▶ [Work to be completed]: Go through the lines below and tally those containing the string "ezdxf". Respond with the number only.

[Data extracted from a collection]
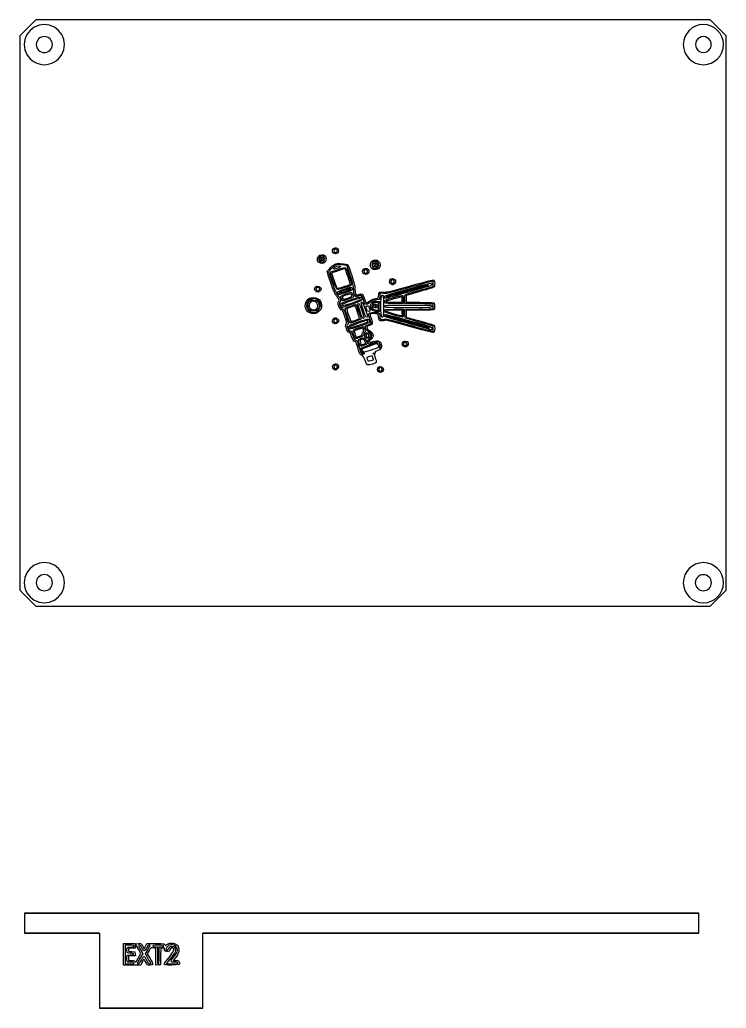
# Model space of a CAD drawing. Header units: millimetres. Extents: x 4.5 to 13.3, y 4 to 28.
# Drawn here: x 4.54 to 13.26, y 15.76 to 27.96 of the extents above; entities that cross this region are included whole.
import ezdxf

# ---------------------------------------------------------------- set-up
doc = ezdxf.new("R2010")
doc.units = ezdxf.units.MM
doc.layers.add('Right', color=7, linetype='CONTINUOUS')
doc.layers.add('Top', color=7, linetype='CONTINUOUS')

msp = doc.modelspace()

# ---------------------------------------------------------------- linework, layer by layer
at = {"layer": 'Right', "color": 7}
for points in [[(4.602051, 16.937269), (4.602051, 16.689429), (5.527164, 16.689429), (5.527164, 15.7625), (6.799914, 15.7625), (6.799914, 16.689429), (12.919617, 16.689429), (12.919617, 16.937269)], [(6.043072, 16.356641)]]:
    msp.add_lwpolyline(points, close=True, dxfattribs=at)
for points in [[(4.602051, 16.937151), (12.919607, 16.937151)], [(5.527163, 16.689541), (4.602051, 16.689541)], [(12.919607, 16.689541), (6.799914, 16.689541)], [(5.821039, 16.428299), (5.821039, 16.561144), (5.894453, 16.561144), (5.967868, 16.561144), (5.967868, 16.533177), (5.967868, 16.505209), (5.925917, 16.505209)], [(5.897949, 16.540169), (5.842014, 16.540169), (5.842014, 16.424803), (5.842014, 16.309437), (5.897949, 16.309437)], [(6.004565, 16.37999), (6.037503, 16.436435), (6.006181, 16.490737)], [(6.031326, 16.487595), (6.060185, 16.435012), (6.032466, 16.387961)], [(6.061378, 16.527956), (6.078244, 16.494768), (6.094368, 16.527956), (6.110492, 16.561144), (6.220498, 16.561144)], [(6.113199, 16.398538), (6.09245, 16.43519), (6.121053, 16.484802)], [(6.137572, 16.473859), (6.115378, 16.435217), (6.149997, 16.375271)], [(6.30673, 16.505209), (6.282877, 16.505209), (6.280941, 16.402079), (6.279007, 16.298949), (6.249291, 16.296799), (6.219576, 16.294649), (6.219576, 16.399929), (6.219576, 16.505209), (6.199172, 16.505209)], [(6.212584, 16.519193), (6.240551, 16.519193), (6.240551, 16.414315)], [(6.261527, 16.414315), (6.261527, 16.519193), (6.289495, 16.519193)], [(6.335132, 16.546563), (6.33976, 16.531981), (6.356143, 16.547373)], [(6.051771, 16.330412), (6.035397, 16.295453), (5.928217, 16.295453), (5.821039, 16.295453), (5.821039, 16.428299)], [(5.864251, 16.39051), (5.866486, 16.417811), (5.906689, 16.419908)], [(5.924168, 16.461859), (5.964372, 16.459762), (5.966542, 16.433543), (5.968712, 16.407323), (5.926339, 16.407323), (5.883966, 16.407323), (5.883966, 16.379356), (5.883966, 16.351388), (5.922647, 16.351388)], [(6.458921, 16.381103), (6.434639, 16.351388), (6.470308, 16.351388)], [(6.1486, 16.309446), (6.165022, 16.309446), (6.149486, 16.335666)], [(6.799914, 15.762577), (5.527163, 15.762577)]]:
    msp.add_lwpolyline(points, dxfattribs=at)
for points in [[(5.866073, 16.458917), (5.863777, 16.468066), (5.86293, 16.484585), (5.864192, 16.495624)], [(5.864192, 16.495624), (5.866415, 16.515079), (5.867831, 16.515762), (5.910185, 16.517779)], [(5.925917, 16.505209), (5.884123, 16.505209), (5.883966, 16.505133), (5.883966, 16.484583)], [(5.883966, 16.484583), (5.883966, 16.464376), (5.884785, 16.463913), (5.924168, 16.461859)], [(5.953884, 16.530015), (5.953884, 16.538046), (5.942192, 16.540169), (5.897949, 16.540169)], [(5.910185, 16.517779), (5.942774, 16.519331), (5.953884, 16.522442), (5.953884, 16.530015)], [(5.97486, 16.553092), (5.97486, 16.558089), (5.988071, 16.561144), (6.009685, 16.561144)], [(6.006181, 16.490737), (5.988955, 16.520603), (5.97486, 16.548663), (5.97486, 16.553092)], [(6.018931, 16.540179), (6.002738, 16.540179), (6.002942, 16.539312), (6.031326, 16.487595)], [(6.009685, 16.561144), (6.044198, 16.561144), (6.044662, 16.560846), (6.061378, 16.527956)], [(6.051771, 16.505219), (6.038928, 16.532638), (6.031845, 16.540179), (6.018931, 16.540179)], [(6.07732, 16.470259), (6.072274, 16.470259), (6.060776, 16.485991), (6.051771, 16.505219)], [(6.104209, 16.505219), (6.094466, 16.485991), (6.082366, 16.470259), (6.07732, 16.470259)], [(6.135791, 16.540179), (6.126175, 16.540179), (6.116495, 16.529462), (6.104209, 16.505219)], [(6.121053, 16.484802), (6.136785, 16.51209), (6.149657, 16.535711), (6.149657, 16.537296)], [(6.149657, 16.537296), (6.149657, 16.538881), (6.143417, 16.540179), (6.135791, 16.540179)], [(6.169268, 16.508855), (6.163192, 16.511187), (6.151766, 16.498569), (6.137572, 16.473859)], [(6.199172, 16.505209), (6.18795, 16.505209), (6.174493, 16.50685), (6.169268, 16.508855)], [(6.251039, 16.540169), (6.196658, 16.540169), (6.184616, 16.538267), (6.184616, 16.529681)], [(6.184616, 16.529681), (6.184616, 16.522107), (6.192385, 16.519193), (6.212584, 16.519193)], [(6.220498, 16.561144), (6.325866, 16.561144), (6.330698, 16.560527), (6.335132, 16.546563)], [(6.317462, 16.529681), (6.317462, 16.538267), (6.30542, 16.540169), (6.251039, 16.540169)], [(6.289495, 16.519193), (6.309693, 16.519193), (6.317462, 16.522107), (6.317462, 16.529681)], [(6.329266, 16.485982), (6.330462, 16.503457), (6.328409, 16.505209), (6.30673, 16.505209)], [(6.357685, 16.464603), (6.330051, 16.466602), (6.328043, 16.468113), (6.329266, 16.485982)], [(6.380002, 16.539961), (6.366698, 16.532842), (6.345429, 16.498772), (6.345429, 16.484581)], [(6.345429, 16.484581), (6.345429, 16.46788), (6.37061, 16.47907), (6.380389, 16.500117)], [(6.356143, 16.547373), (6.39231, 16.58135), (6.473787, 16.568665), (6.496063, 16.525589)], [(6.39483, 16.481941), (6.388111, 16.464268), (6.38465, 16.462652), (6.357685, 16.464603)], [(6.465694, 16.527933), (6.446317, 16.548629), (6.406612, 16.554203), (6.380002, 16.539961)], [(6.380389, 16.500117), (6.389017, 16.518687), (6.395408, 16.523067), (6.416432, 16.52482)], [(6.383885, 16.389235), (6.444793, 16.466079), (6.45509, 16.491424), (6.430703, 16.504476)], [(6.453139, 16.511028), (6.475202, 16.479528), (6.465227, 16.455579), (6.393468, 16.36776)], [(6.430703, 16.504476), (6.414638, 16.513074), (6.404166, 16.506495), (6.39483, 16.481941)], [(6.416432, 16.52482), (6.436538, 16.526496), (6.444366, 16.523554), (6.453139, 16.511028)], [(6.440831, 16.392063), (6.496789, 16.460528), (6.502023, 16.489131), (6.465694, 16.527933)], [(6.496063, 16.525589), (6.517796, 16.483563), (6.506391, 16.439195), (6.458921, 16.381103)], [(5.866133, 16.346811), (5.863869, 16.35583), (5.863022, 16.375494), (5.864251, 16.39051)], [(5.90857, 16.442282), (5.874044, 16.442282), (5.869835, 16.44393), (5.866073, 16.458917)], [(5.906689, 16.419908), (5.936185, 16.421446), (5.946892, 16.424705), (5.946892, 16.432144)], [(5.946892, 16.432144), (5.946892, 16.439767), (5.937387, 16.442282), (5.90857, 16.442282)], [(5.922647, 16.351388), (5.954884, 16.351388), (5.962185, 16.349069), (5.966477, 16.337467)], [(5.966477, 16.337467), (5.97076, 16.325887), (5.977166, 16.333039), (6.004565, 16.37999)], [(6.032466, 16.387961), (5.985268, 16.307846), (5.985315, 16.307973), (6.003445, 16.310637)], [(6.003445, 16.310637), (6.014431, 16.312251), (6.026311, 16.326043), (6.043072, 16.356641)], [(6.043072, 16.356631), (6.056238, 16.380667), (6.070661, 16.400327), (6.075122, 16.400322)], [(6.073505, 16.365372), (6.070557, 16.365372), (6.060776, 16.34964), (6.051771, 16.330412)], [(6.097893, 16.330412), (6.087428, 16.34964), (6.076454, 16.365372), (6.073505, 16.365372)], [(6.075122, 16.400322), (6.079584, 16.400322), (6.094246, 16.37987), (6.107706, 16.354884)], [(6.107706, 16.354884), (6.127131, 16.318824), (6.135564, 16.309453), (6.1486, 16.309446)], [(6.149486, 16.335666), (6.140941, 16.350087), (6.124612, 16.378379), (6.113199, 16.398538)], [(6.149997, 16.375271), (6.169037, 16.342301), (6.184616, 16.310855), (6.184616, 16.305389)], [(6.240551, 16.414315), (6.240551, 16.325751), (6.242183, 16.309437), (6.251039, 16.309437)], [(6.251039, 16.309437), (6.259896, 16.309437), (6.261527, 16.325751), (6.261527, 16.414315)], [(6.324454, 16.304854), (6.324454, 16.310025), (6.351198, 16.347996), (6.383885, 16.389235)], [(6.393468, 16.36776), (6.370892, 16.340132), (6.352421, 16.315708), (6.352421, 16.313482)], [(6.450308, 16.330412), (6.397696, 16.330412), (6.396547, 16.337882), (6.440831, 16.392063)], [(6.470308, 16.351388), (6.502515, 16.351388), (6.506402, 16.349693), (6.51036, 16.333924)], [(5.912066, 16.330412), (5.874027, 16.330412), (5.869876, 16.331894), (5.866133, 16.346811)], [(5.897949, 16.309437), (5.943008, 16.309437), (5.953884, 16.311476), (5.953884, 16.319924)], [(5.953884, 16.319924), (5.953884, 16.328078), (5.944577, 16.330412), (5.912066, 16.330412)], [(6.150768, 16.295453), (6.117348, 16.295453), (6.116679, 16.295897), (6.097893, 16.330412)], [(6.184616, 16.305389), (6.184616, 16.29817), (6.17536, 16.295453), (6.150768, 16.295453)], [(6.415568, 16.295453), (6.34392, 16.295453), (6.324454, 16.297462), (6.324454, 16.304854)], [(6.352421, 16.313482), (6.352421, 16.311257), (6.383885, 16.309437), (6.42234, 16.309437)], [(6.51036, 16.333924), (6.519479, 16.29759), (6.514214, 16.295453), (6.415568, 16.295453)], [(6.42234, 16.309437), (6.479829, 16.309437), (6.492259, 16.311301), (6.492259, 16.319924)], [(6.492259, 16.319924), (6.492259, 16.328082), (6.482936, 16.330412), (6.450308, 16.330412)]]:
    msp.add_open_spline(points, degree=3, dxfattribs=at)
at = {"layer": 'Top', "color": 7}
msp.add_lwpolyline([(13.257241, 27.764784), (13.058968, 27.963059), (4.741402, 27.963059), (4.543128, 27.764784), (4.543128, 20.924354), (4.741402, 20.726082), (13.058968, 20.726082), (13.257241, 20.924354)], close=True, dxfattribs=at)
for points in [[(4.543141, 27.764776), (4.741412, 27.963075)], [(13.058968, 27.963075), (13.257241, 27.764776)], [(8.567368, 24.860468), (8.55488, 24.893273), (8.478408, 24.867695)], [(8.620045, 24.807313), (8.58079, 24.924917), (8.549256, 24.933355)], [(8.38528, 24.887716), (8.351515, 24.851178), (8.387749, 24.741944)], [(8.379784, 24.827419), (8.378778, 24.850331), (8.456933, 24.877736)], [(8.460534, 24.631584), (8.411779, 24.717667)], [(8.593953, 24.686728), (8.623872, 24.697881), (8.601863, 24.762772)], [(9.556894, 24.647667), (9.640838, 24.672071), (9.64258, 24.705184), (9.644322, 24.738298), (9.628106, 24.734421)], [(8.931754, 24.520844), (8.965839, 24.5248), (8.96893, 24.548868)], [(9.0278, 24.585749), (8.984323, 24.589037), (8.982592, 24.549146), (8.980862, 24.509254), (8.942261, 24.505934)], [(9.409266, 24.588952), (9.310848, 24.56115), (9.309164, 24.520123), (9.30748, 24.479096), (9.479146, 24.476104)], [(8.625115, 24.447506), (8.524096, 24.412423), (8.513672, 24.425297)], [(8.818668, 24.451081), (8.801395, 24.447656), (8.781752, 24.505954)], [(8.94066, 24.378995), (8.966388, 24.378995), (8.966388, 24.425309), (8.966388, 24.471624), (8.937957, 24.471624)], [(8.943123, 24.487778), (8.980862, 24.486096), (8.982513, 24.426653)], [(9.159847, 24.477412), (9.261641, 24.477412), (9.261641, 24.508912)], [(9.27322, 24.508912), (9.27322, 24.460045), (9.160148, 24.460045)], [(9.46716, 24.459743), (9.293482, 24.46294), (9.291754, 24.506291)], [(8.635786, 24.224238), (8.61491, 24.221384), (8.591708, 24.287163)], [(8.969068, 24.29578), (8.965069, 24.33113), (8.929545, 24.334362)], [(9.158882, 24.389249), (9.27322, 24.390818), (9.27322, 24.341488)], [(9.246031, 24.312003), (9.262261, 24.308113), (9.260504, 24.342107), (9.258746, 24.376101), (9.158882, 24.377684)], [(9.293482, 24.336206), (9.293482, 24.387679), (9.46716, 24.39112)], [(9.477579, 24.378995), (9.307954, 24.378995), (9.307954, 24.335965)], [(9.624226, 24.12085), (9.643733, 24.11719), (9.643733, 24.149111), (9.643733, 24.181033), (9.604655, 24.192795)], [(8.718417, 24.141666), (8.666277, 24.123016), (8.674559, 24.096143)], [(8.947973, 23.980404), (8.963494, 23.981272), (8.948492, 23.983594)], [(8.856455, 23.804968), (8.822528, 23.79351), (8.828672, 23.775079)], [(8.875357, 23.757001), (8.907211, 23.767042), (8.898797, 23.791734), (8.890384, 23.816426), (8.856455, 23.804968)], [(4.741412, 20.72598), (4.543141, 20.924278)], [(13.257241, 20.924278), (13.058968, 20.72598)]]:
    msp.add_lwpolyline(points, dxfattribs=at)
for points in [[(4.722063, 27.871344), (4.645381, 27.827071), (4.598142, 27.745251), (4.598142, 27.656706)], [(4.722063, 27.871344), (4.645381, 27.827071), (4.598142, 27.745251), (4.598142, 27.656706)], [(4.969905, 27.871344), (4.893222, 27.915616), (4.798746, 27.915616), (4.722063, 27.871344)], [(4.969905, 27.871344), (4.893222, 27.915616), (4.798746, 27.915616), (4.722063, 27.871344)], [(5.093826, 27.656706), (5.093826, 27.745251), (5.046587, 27.827071), (4.969905, 27.871344)], [(5.093826, 27.656706), (5.093826, 27.745251), (5.046587, 27.827071), (4.969905, 27.871344)], [(12.975191, 27.904548), (12.838312, 27.904548), (12.727349, 27.793585), (12.727349, 27.656706)], [(12.975191, 27.904548), (12.838312, 27.904548), (12.727349, 27.793585), (12.727349, 27.656706)], [(13.223032, 27.656706), (13.223032, 27.793585), (13.11207, 27.904548), (12.975191, 27.904548)], [(13.223032, 27.656706), (13.223032, 27.793585), (13.11207, 27.904548), (12.975191, 27.904548)], [(4.845984, 27.755509), (4.791397, 27.755509), (4.747126, 27.711293), (4.747057, 27.656706)], [(4.944911, 27.656706), (4.944841, 27.711293), (4.900571, 27.755509), (4.845984, 27.755509)], [(12.926276, 27.741429), (12.896007, 27.723953), (12.877361, 27.691657), (12.877361, 27.656706)], [(13.024105, 27.741429), (12.993837, 27.758905), (12.956544, 27.758905), (12.926276, 27.741429)], [(13.07302, 27.656706), (13.07302, 27.691657), (13.054374, 27.723953), (13.024105, 27.741429)], [(4.598142, 27.656706), (4.598142, 27.568161), (4.645381, 27.486342), (4.722063, 27.442069)], [(4.598142, 27.656706), (4.598142, 27.568161), (4.645381, 27.486342), (4.722063, 27.442069)], [(4.747057, 27.656706), (4.747126, 27.602119), (4.791397, 27.557904), (4.845984, 27.557904)], [(4.845984, 27.557904), (4.900571, 27.557904), (4.944842, 27.602119), (4.944911, 27.656706)], [(4.969905, 27.442069), (5.046587, 27.486342), (5.093826, 27.568161), (5.093826, 27.656706)], [(4.969905, 27.442069), (5.046587, 27.486342), (5.093826, 27.568161), (5.093826, 27.656706)], [(12.727349, 27.656706), (12.727349, 27.519827), (12.838312, 27.408865), (12.975191, 27.408865)], [(12.727349, 27.656706), (12.727349, 27.519827), (12.838312, 27.408865), (12.975191, 27.408865)], [(12.877361, 27.656706), (12.877361, 27.621755), (12.896007, 27.589459), (12.926276, 27.571983)], [(12.975191, 27.408865), (13.11207, 27.408865), (13.223032, 27.519827), (13.223032, 27.656706)], [(12.975191, 27.408865), (13.11207, 27.408865), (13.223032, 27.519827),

▶ [Problem solution]: 3